Assigning runs to GPUs

I am working on a system with 3 GPUs. I have a set of 14 runs that I want to queue up. I want to assign each run to a single GPU, so that at any given time, there are only 3 runs active, and once a GPU has finished processing a single run, the next run in the queue will be loaded.

Is what I am asking for possible, and what is the best way to go about it? I have tried both queue’s and dask, and can’t seem to do what I am suggesting. I keep getting runs assigned across GPU’s.

I use a very similar workflow, check out my reply here Distributing runs on a multi-gpu machine - #3 by mtmccann and let me know if it works for you.

Hi,

Thanks for your response! I did see that posting. Maybe I implemented it incorrectly, could I please get some more details on what you did?

First I created the queues using your code-
for i in {1,2,3}; do guild run --background --yes queue gpus=$i; done

Now when I run a job, do I still need to specify a GPU? I did not, and saw that my runs were still getting distributed across GPU’s. I ran this-
guild run --stage-trials train.py

And I ran it separately for multiple cases.( I have multiple flags which differ between each run so I can’t just create a batch in one line). But my runs were getting split across GPU’s. Do I need to explicitly assign each job to a GPU? If so, doesn’t that defeat the benefit of the queue, where I just want any of my queued up jobs to be taken up by the next free GPU?

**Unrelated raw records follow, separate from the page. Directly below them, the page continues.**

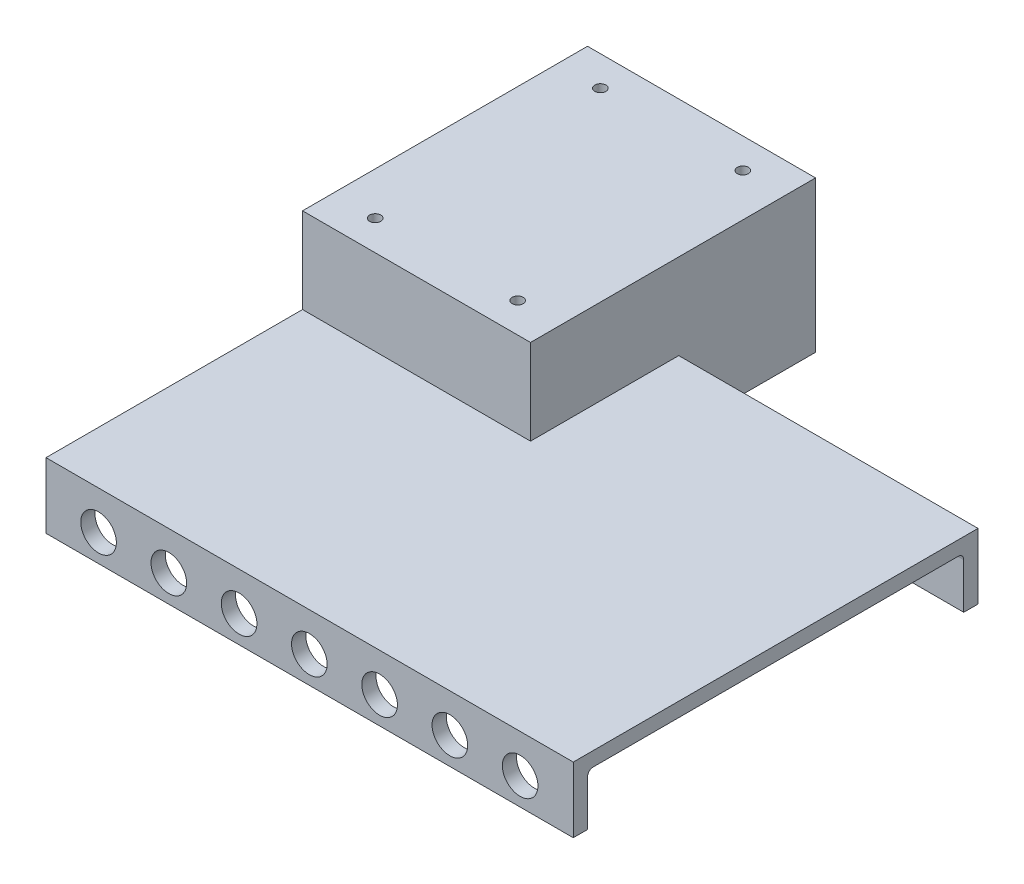
from build123d import *

# Parameters (mm, degrees)
SKETCH1_W           = 185
SKETCH1_H           = 142
BOSS_EXTRUDE1_DEPTH = 23
SKETCH12_W          = 80
SKETCH12_H          = 100
BOSS_EXTRUDE6_DEPTH = 53
SHELL1_T            = -5
SKETCH11_R          = 6.25
CUT_EXTRUDE2_DEPTH  = 6
FILLET1_R           = 2
SKETCH13_R          = 1.95
CUT_EXTRUDE3_DEPTH  = 54


with BuildPart() as part:
    # Sketch1 → Boss-Extrude1 (new body)
    with BuildSketch(Plane(origin=(0, 0, 0), x_dir=(1, 0, 0), z_dir=(0, 1, 0))):
        with Locations((92.5, 71)):
            Rectangle(SKETCH1_W, SKETCH1_H)
    extrude(amount=BOSS_EXTRUDE1_DEPTH)

    # Sketch12 → Boss-Extrude6 (add)
    with BuildSketch(Plane(origin=(0, 0, 0), x_dir=(1, 0, 0), z_dir=(0, 1, 0))):
        with Locations((40, 140)):
            Rectangle(SKETCH12_W, SKETCH12_H)
    extrude(amount=BOSS_EXTRUDE6_DEPTH)

    # Shell1
    shell1_openings = [part.faces().sort_by_distance(p)[0] for p in [
        (88.333333333, 0, -110.666666667),
        (185, 11.5, -71),
        (0, 25.333333333, -93.333333333),
    ]]
    offset(amount=SHELL1_T, openings=shell1_openings, kind=Kind.INTERSECTION)

    # Sketch11 → Cut-Extrude2 (cut)
    with BuildSketch(Plane.XY):
        with Locations((18.4375, 9.5)):
            Circle(SKETCH11_R)
        with Locations((43.088852194, 9.5)):
            Circle(SKETCH11_R)
        with Locations((67.740204388, 9.5)):
            Circle(SKETCH11_R)
        with Locations((92.391556582, 9.5)):
            Circle(SKETCH11_R)
        with Locations((117.042908776, 9.5)):
            Circle(SKETCH11_R)
        with Locations((141.69426097, 9.5)):
            Circle(SKETCH11_R)
        with Locations((166.345613164, 9.5)):
            Circle(SKETCH11_R)
    extrude(amount=-CUT_EXTRUDE2_DEPTH, mode=Mode.SUBTRACT)

    # Fillet1
    fillet1_edges = [part.edges().sort_by_distance(p)[0] for p in [
        (92.5, 18, -5),
        (130, 18, -137),
        (37.5, 48, -95),
        (75, 48, -140),
        (37.5, 48, -185),
    ]]
    fillet(fillet1_edges, radius=FILLET1_R)

    # Sketch13 → Cut-Extrude3 (cut, through all)
    with BuildSketch(Plane(origin=(0, 53, 0), x_dir=(1, 0, 0), z_dir=(0, 1, 0))):
        with Locations((15, 100.5)):
            Circle(SKETCH13_R)
        with Locations((15, 179.5)):
            Circle(SKETCH13_R)
        with Locations((65, 179.5)):
            Circle(SKETCH13_R)
        with Locations((65, 100.5)):
            Circle(SKETCH13_R)
    extrude(amount=-CUT_EXTRUDE3_DEPTH, mode=Mode.SUBTRACT)


solid = part.part

I’m not sure what you mean by “my runs were still getting distributed across GPU’s”. Does that mean one run was using multiple GPUs, or that each run was on a different GPU?

I would recommend using standard queues with gpus set for each of your GPUs:

guild run queue gpus=[0,1,2] --background

Here’s a script I used to check the behavior:

# test_cuda.py

import os
import random
import time

from torch import cuda

id = None
cuda_timeout = 10

if id is not None:
    print(f"test_cuda {id}")

print(f"CUDA_VISIBLE_DEVICES: {os.getenv('CUDA_VISIBLE_DEVICES', '<unset>')}")

timeout = time.time() + cuda_timeout
cur = None
while time.time() < timeout:
    try:
        cur = cuda.current_device();
    except RuntimeError:
        time.sleep(1)
    else:
        break
if cur is None:
    raise SystemExit("ERROR: CUDA not available")

for i in range(cuda.device_count()):
    name = cuda.get_device_name(i)
    print(f"  {i}: {name} {' *' if i == cur else ''}")

# Simulate work
time.sleep(10 + random.random() * 30)

To test this, I ran this command (with the queues running as per above):

guild run test_cuda.py id=range[1:17] --stage-trials

Each runs to completion on a particular GPU, as provided by the queue that runs the staged operation. You can monitor the runs using guild runs -Fo test_cuda.py.

To observe what’s going on from the queue standpoint, start each queue in a separate terminal, each with its own gpus flag (i.e. 0, 1, 2) and omit --background. There you can see what runs each queue picks up and starts.

You can check the output of any of these runs using guild cat --output <run>.

You should see that each test run sees only the GPU that is associated with the queue that runs it. This is how you can serialize runs for various GPUs. The trick is the setting of CUDA_VISIBLE_DEVICES by the queue according to its gpus flag. It’s that simple - nothing fancier.

If this test doesn’t work for you, post the behavior you’re seeing.